[Collected data entries]
---------------
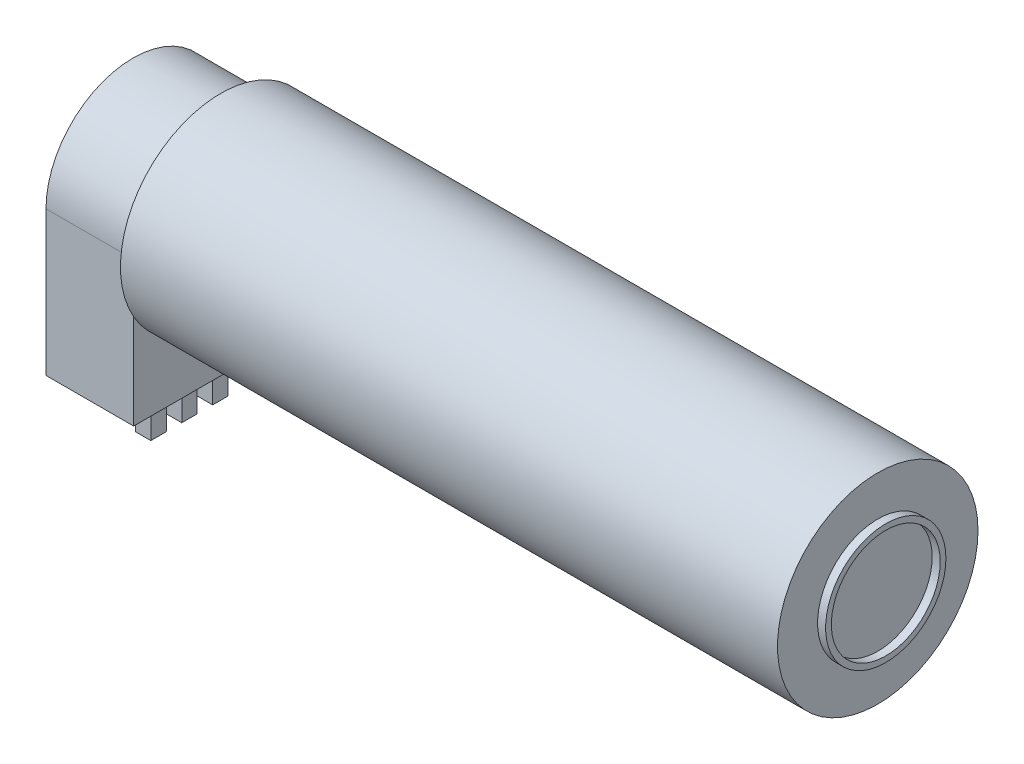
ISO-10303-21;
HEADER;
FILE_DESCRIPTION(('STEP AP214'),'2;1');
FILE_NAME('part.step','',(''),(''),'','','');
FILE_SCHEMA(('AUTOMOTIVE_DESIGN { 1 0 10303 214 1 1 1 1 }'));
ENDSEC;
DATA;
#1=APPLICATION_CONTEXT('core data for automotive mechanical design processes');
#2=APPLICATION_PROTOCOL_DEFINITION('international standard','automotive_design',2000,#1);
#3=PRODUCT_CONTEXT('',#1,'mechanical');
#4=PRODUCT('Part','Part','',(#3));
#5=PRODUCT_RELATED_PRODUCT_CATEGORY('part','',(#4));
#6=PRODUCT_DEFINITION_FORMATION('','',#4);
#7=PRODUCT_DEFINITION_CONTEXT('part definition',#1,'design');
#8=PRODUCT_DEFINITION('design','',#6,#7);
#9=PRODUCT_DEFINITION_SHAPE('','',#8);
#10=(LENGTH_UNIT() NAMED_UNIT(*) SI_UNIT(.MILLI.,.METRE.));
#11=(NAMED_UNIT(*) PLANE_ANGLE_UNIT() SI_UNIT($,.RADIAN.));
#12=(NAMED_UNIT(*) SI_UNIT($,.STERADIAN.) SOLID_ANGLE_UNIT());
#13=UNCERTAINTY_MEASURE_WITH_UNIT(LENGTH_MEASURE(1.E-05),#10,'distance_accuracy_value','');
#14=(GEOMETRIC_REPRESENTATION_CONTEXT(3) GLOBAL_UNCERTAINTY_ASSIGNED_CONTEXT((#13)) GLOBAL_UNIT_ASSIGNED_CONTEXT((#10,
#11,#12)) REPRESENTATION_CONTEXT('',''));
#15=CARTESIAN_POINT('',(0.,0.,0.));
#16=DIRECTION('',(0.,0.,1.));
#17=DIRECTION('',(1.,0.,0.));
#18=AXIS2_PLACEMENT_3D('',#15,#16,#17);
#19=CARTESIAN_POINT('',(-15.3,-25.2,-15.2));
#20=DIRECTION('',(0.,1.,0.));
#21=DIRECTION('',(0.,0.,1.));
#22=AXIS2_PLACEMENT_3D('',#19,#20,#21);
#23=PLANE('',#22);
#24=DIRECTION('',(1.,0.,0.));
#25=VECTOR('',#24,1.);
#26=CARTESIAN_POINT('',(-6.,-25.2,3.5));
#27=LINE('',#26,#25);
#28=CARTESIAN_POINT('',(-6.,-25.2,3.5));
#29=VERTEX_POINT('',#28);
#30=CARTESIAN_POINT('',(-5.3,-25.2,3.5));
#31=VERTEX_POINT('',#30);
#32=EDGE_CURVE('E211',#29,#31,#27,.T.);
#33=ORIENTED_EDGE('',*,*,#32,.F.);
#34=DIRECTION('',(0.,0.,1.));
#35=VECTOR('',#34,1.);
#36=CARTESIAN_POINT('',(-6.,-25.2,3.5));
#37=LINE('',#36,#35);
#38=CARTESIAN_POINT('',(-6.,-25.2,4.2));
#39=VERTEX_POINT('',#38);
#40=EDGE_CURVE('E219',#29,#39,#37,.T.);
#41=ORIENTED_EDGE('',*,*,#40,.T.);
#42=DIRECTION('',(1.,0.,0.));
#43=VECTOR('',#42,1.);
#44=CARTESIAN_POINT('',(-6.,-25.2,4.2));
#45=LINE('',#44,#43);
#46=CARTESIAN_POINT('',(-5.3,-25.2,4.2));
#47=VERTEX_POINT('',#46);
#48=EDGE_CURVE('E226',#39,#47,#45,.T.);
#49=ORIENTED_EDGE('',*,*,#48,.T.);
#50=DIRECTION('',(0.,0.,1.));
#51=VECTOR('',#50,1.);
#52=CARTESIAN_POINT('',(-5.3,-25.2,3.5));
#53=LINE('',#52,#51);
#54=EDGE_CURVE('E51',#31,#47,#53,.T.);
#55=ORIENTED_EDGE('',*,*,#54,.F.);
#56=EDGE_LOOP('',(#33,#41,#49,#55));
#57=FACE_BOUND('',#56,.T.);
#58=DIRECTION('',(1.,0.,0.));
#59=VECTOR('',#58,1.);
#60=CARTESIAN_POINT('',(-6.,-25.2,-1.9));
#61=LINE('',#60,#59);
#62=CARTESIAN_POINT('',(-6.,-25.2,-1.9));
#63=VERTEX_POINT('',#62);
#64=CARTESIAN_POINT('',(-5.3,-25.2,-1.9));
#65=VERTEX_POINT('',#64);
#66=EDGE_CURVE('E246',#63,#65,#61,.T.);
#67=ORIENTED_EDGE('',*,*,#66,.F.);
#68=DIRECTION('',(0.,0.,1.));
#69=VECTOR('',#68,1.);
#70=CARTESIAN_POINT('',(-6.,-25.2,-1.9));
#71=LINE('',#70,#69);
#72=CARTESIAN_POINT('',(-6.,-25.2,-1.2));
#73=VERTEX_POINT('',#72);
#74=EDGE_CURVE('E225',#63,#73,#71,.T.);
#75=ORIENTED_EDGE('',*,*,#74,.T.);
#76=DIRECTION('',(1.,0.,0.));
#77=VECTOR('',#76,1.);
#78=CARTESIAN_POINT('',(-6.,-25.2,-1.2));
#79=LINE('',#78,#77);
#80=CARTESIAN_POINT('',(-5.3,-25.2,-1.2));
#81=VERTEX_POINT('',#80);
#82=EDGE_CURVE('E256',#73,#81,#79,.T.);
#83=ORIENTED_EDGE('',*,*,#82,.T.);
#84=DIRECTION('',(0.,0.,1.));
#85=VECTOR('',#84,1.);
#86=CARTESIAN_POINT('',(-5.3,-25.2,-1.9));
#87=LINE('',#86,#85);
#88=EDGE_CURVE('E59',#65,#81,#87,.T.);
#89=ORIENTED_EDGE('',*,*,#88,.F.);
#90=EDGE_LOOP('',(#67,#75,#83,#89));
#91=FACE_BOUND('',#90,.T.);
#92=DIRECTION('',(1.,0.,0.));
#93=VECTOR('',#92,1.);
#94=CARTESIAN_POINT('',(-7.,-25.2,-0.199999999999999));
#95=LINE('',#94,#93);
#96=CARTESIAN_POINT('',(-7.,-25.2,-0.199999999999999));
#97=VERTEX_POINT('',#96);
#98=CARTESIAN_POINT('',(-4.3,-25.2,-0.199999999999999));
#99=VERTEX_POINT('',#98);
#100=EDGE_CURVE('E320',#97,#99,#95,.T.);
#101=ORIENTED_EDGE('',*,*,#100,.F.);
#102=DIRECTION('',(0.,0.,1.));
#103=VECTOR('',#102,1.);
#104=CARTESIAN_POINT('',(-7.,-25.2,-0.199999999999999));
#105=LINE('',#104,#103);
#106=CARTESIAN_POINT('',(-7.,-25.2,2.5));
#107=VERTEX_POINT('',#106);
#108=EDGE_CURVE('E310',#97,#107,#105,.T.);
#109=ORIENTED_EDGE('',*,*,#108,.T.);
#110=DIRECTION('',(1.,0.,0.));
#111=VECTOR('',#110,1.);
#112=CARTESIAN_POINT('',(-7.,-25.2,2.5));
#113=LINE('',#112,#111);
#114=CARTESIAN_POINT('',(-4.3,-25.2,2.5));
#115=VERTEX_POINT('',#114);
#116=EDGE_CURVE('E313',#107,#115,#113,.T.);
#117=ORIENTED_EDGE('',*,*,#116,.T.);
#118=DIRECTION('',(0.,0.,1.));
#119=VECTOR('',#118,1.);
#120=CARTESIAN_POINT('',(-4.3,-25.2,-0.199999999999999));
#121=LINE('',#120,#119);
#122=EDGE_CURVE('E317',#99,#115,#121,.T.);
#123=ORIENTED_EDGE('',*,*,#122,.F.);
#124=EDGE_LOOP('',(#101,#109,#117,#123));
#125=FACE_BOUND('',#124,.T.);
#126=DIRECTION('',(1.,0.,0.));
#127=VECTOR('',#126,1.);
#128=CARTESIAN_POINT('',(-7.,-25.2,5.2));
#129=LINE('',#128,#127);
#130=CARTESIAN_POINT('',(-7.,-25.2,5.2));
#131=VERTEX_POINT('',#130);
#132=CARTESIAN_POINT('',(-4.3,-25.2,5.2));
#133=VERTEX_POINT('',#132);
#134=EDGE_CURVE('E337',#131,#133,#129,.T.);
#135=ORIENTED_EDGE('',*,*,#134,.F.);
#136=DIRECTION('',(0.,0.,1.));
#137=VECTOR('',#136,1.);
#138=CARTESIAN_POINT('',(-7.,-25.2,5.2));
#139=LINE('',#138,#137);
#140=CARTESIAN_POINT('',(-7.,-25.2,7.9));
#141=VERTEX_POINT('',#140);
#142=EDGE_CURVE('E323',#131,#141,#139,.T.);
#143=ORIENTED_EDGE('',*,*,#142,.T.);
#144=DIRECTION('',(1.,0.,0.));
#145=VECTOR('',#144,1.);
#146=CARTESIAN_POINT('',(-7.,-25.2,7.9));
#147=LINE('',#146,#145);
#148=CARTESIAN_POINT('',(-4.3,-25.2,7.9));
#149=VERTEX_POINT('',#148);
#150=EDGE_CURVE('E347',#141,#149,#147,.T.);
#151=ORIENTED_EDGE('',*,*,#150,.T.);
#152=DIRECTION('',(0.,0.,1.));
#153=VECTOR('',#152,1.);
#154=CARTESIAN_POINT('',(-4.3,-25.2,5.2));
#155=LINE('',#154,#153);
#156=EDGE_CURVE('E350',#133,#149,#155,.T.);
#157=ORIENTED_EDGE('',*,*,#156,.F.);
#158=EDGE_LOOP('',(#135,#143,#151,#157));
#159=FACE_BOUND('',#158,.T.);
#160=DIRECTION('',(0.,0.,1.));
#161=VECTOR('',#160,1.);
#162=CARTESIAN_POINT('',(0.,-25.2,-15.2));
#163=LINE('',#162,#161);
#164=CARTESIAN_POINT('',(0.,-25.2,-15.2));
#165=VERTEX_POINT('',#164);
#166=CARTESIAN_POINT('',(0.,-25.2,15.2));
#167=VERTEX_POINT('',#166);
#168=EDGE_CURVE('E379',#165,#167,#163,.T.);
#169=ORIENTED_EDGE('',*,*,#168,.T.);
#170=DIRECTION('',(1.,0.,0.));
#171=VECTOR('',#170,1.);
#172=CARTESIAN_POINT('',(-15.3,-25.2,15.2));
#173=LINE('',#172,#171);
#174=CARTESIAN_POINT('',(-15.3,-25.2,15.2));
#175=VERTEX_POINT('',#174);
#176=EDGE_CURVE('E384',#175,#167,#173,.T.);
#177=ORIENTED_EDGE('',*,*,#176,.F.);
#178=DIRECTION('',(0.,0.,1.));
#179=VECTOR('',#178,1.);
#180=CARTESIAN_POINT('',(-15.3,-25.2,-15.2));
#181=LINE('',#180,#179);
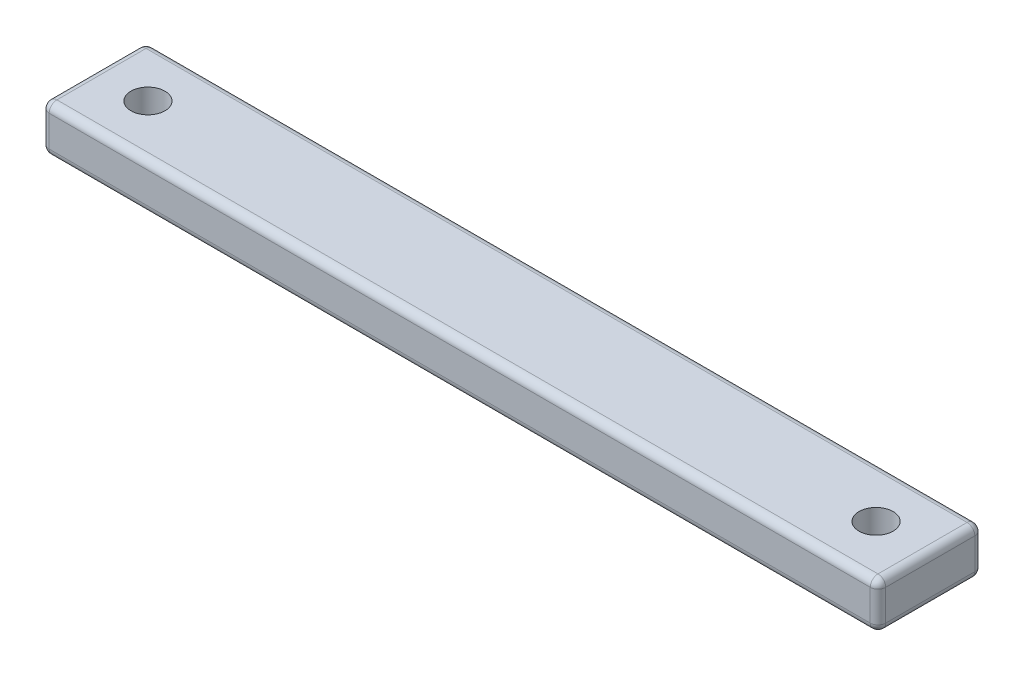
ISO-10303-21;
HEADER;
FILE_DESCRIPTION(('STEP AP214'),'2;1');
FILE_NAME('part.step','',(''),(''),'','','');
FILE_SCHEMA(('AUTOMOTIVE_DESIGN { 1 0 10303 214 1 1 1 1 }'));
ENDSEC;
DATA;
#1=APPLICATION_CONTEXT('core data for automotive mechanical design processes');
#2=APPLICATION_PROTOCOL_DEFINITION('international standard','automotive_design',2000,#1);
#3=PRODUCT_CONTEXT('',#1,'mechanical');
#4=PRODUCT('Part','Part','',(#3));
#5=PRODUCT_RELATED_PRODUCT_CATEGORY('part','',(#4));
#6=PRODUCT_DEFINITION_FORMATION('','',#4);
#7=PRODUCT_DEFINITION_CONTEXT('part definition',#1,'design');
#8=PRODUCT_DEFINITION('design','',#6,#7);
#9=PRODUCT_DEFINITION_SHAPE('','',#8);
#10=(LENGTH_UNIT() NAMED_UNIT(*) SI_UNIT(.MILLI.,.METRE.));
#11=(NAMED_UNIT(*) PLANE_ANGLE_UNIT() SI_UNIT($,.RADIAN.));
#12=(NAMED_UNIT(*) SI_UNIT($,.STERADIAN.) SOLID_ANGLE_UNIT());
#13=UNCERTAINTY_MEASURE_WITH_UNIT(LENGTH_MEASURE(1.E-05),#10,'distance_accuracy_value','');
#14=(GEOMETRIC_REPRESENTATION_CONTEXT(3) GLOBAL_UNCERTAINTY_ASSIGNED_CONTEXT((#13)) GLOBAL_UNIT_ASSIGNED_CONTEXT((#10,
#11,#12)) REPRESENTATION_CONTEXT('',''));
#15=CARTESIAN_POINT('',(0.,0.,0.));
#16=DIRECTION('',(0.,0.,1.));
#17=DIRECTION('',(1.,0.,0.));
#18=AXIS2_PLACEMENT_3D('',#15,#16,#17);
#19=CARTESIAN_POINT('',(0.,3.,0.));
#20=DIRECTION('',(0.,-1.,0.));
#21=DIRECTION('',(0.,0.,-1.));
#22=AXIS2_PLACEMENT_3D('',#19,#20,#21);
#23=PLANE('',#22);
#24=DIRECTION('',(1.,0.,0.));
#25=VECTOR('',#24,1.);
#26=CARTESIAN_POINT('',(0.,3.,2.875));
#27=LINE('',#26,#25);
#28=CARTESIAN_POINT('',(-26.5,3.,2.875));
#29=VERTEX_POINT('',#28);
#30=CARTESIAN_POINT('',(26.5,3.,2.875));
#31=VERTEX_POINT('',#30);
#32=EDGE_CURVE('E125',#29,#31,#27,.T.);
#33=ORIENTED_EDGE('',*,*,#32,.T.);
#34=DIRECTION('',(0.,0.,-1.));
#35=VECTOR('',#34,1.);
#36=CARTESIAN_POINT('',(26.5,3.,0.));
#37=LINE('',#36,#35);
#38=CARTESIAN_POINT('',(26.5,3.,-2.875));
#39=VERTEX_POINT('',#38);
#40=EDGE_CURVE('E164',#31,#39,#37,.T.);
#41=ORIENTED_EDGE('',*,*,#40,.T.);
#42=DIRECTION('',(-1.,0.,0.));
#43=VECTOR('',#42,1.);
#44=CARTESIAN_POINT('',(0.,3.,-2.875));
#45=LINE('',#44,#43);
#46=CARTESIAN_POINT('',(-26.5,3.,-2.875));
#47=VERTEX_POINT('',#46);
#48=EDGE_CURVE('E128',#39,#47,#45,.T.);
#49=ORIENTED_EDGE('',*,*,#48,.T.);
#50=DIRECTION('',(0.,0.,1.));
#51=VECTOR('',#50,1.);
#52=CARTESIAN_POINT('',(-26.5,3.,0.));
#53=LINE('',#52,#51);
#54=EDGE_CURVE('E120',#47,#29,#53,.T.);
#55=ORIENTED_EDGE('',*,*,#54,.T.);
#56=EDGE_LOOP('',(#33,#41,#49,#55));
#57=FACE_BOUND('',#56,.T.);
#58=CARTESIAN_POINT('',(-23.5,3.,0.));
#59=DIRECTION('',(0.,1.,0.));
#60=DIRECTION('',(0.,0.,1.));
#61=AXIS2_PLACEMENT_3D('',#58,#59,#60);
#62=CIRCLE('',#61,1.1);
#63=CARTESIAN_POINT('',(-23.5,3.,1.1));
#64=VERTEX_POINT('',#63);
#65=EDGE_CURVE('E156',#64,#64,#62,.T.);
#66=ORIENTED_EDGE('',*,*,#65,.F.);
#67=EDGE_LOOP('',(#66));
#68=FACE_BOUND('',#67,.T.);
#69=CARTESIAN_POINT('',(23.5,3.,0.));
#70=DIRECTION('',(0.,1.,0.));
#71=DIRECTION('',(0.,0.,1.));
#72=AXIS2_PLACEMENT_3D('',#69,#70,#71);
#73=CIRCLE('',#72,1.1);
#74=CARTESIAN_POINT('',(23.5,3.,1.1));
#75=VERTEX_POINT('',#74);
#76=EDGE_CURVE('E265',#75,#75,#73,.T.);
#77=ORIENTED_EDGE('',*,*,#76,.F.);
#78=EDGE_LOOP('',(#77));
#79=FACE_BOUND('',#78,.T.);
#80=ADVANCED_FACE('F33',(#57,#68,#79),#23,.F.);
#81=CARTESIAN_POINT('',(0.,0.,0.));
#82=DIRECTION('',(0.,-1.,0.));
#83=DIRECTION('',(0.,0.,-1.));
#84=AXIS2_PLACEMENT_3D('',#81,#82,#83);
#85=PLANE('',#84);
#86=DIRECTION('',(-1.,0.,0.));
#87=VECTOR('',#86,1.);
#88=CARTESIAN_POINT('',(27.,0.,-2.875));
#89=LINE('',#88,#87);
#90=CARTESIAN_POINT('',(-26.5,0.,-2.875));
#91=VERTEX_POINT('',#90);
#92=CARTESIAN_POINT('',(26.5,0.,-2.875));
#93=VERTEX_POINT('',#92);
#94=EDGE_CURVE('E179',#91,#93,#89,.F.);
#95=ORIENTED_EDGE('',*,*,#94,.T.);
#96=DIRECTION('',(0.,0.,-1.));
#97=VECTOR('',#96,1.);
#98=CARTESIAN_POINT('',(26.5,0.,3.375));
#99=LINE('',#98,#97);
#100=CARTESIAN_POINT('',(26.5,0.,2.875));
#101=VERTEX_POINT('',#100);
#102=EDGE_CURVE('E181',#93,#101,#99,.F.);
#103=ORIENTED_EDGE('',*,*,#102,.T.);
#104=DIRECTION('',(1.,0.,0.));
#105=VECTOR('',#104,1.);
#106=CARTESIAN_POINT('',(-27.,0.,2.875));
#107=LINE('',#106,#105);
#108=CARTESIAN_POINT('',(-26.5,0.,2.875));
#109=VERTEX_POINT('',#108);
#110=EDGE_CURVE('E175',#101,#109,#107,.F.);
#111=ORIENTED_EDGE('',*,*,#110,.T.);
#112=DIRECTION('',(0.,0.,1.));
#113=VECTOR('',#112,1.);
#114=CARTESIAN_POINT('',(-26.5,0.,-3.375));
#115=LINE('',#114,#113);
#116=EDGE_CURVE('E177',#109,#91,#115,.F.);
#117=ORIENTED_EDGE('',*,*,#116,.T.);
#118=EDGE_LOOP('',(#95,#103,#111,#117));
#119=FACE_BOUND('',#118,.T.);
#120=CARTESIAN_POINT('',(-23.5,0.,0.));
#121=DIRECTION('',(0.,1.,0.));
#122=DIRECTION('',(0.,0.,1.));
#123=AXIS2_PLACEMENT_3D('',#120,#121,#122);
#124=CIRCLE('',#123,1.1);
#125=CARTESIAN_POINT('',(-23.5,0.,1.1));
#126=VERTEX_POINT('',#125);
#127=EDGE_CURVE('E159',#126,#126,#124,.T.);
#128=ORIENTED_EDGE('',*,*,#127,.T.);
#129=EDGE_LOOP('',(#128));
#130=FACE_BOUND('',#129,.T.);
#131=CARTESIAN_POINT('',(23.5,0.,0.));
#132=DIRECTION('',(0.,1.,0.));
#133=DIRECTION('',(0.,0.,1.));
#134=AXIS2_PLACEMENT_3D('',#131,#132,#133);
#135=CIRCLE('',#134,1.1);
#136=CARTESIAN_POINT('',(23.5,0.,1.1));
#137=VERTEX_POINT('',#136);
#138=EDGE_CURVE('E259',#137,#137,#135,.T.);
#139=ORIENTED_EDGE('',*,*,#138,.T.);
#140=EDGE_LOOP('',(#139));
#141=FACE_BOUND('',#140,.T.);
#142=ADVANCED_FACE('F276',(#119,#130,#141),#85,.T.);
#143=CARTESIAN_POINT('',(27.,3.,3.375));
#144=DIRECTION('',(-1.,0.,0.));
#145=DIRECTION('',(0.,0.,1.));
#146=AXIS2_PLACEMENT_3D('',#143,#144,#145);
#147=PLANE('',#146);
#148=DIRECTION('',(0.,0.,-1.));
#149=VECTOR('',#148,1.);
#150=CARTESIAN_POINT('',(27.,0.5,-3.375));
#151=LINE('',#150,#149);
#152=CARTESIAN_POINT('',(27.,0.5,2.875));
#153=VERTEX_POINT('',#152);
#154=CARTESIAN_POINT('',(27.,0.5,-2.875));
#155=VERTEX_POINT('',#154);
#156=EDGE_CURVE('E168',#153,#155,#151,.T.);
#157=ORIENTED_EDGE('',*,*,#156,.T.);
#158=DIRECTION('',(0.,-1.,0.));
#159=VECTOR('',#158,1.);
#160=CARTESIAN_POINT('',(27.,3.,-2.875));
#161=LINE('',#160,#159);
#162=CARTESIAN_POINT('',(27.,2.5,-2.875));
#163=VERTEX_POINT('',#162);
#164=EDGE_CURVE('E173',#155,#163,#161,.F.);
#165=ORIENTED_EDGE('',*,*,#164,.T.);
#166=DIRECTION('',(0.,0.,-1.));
---------------
> [EXERCISE BRIEF]: The lines to extract from the data above begin with the line containing "#60=DIRECTION('',(0.,0.,1.));" and end with the line containing "#104=DIRECTION('',(1.,0.,0.));". Extract them exactly, including both.

> [RESPONSE AREA]:
#60=DIRECTION('',(0.,0.,1.));
#61=AXIS2_PLACEMENT_3D('',#58,#59,#60);
#62=CIRCLE('',#61,1.1);
#63=CARTESIAN_POINT('',(-23.5,3.,1.1));
#64=VERTEX_POINT('',#63);
#65=EDGE_CURVE('E156',#64,#64,#62,.T.);
#66=ORIENTED_EDGE('',*,*,#65,.F.);
#67=EDGE_LOOP('',(#66));
#68=FACE_BOUND('',#67,.T.);
#69=CARTESIAN_POINT('',(23.5,3.,0.));
#70=DIRECTION('',(0.,1.,0.));
#71=DIRECTION('',(0.,0.,1.));
#72=AXIS2_PLACEMENT_3D('',#69,#70,#71);
#73=CIRCLE('',#72,1.1);
#74=CARTESIAN_POINT('',(23.5,3.,1.1));
#75=VERTEX_POINT('',#74);
#76=EDGE_CURVE('E265',#75,#75,#73,.T.);
#77=ORIENTED_EDGE('',*,*,#76,.F.);
#78=EDGE_LOOP('',(#77));
#79=FACE_BOUND('',#78,.T.);
#80=ADVANCED_FACE('F33',(#57,#68,#79),#23,.F.);
#81=CARTESIAN_POINT('',(0.,0.,0.));
#82=DIRECTION('',(0.,-1.,0.));
#83=DIRECTION('',(0.,0.,-1.));
#84=AXIS2_PLACEMENT_3D('',#81,#82,#83);
#85=PLANE('',#84);
#86=DIRECTION('',(-1.,0.,0.));
#87=VECTOR('',#86,1.);
#88=CARTESIAN_POINT('',(27.,0.,-2.875));
#89=LINE('',#88,#87);
#90=CARTESIAN_POINT('',(-26.5,0.,-2.875));
#91=VERTEX_POINT('',#90);
#92=CARTESIAN_POINT('',(26.5,0.,-2.875));
#93=VERTEX_POINT('',#92);
#94=EDGE_CURVE('E179',#91,#93,#89,.F.);
#95=ORIENTED_EDGE('',*,*,#94,.T.);
#96=DIRECTION('',(0.,0.,-1.));
#97=VECTOR('',#96,1.);
#98=CARTESIAN_POINT('',(26.5,0.,3.375));
#99=LINE('',#98,#97);
#100=CARTESIAN_POINT('',(26.5,0.,2.875));
#101=VERTEX_POINT('',#100);
#102=EDGE_CURVE('E181',#93,#101,#99,.F.);
#103=ORIENTED_EDGE('',*,*,#102,.T.);
#104=DIRECTION('',(1.,0.,0.));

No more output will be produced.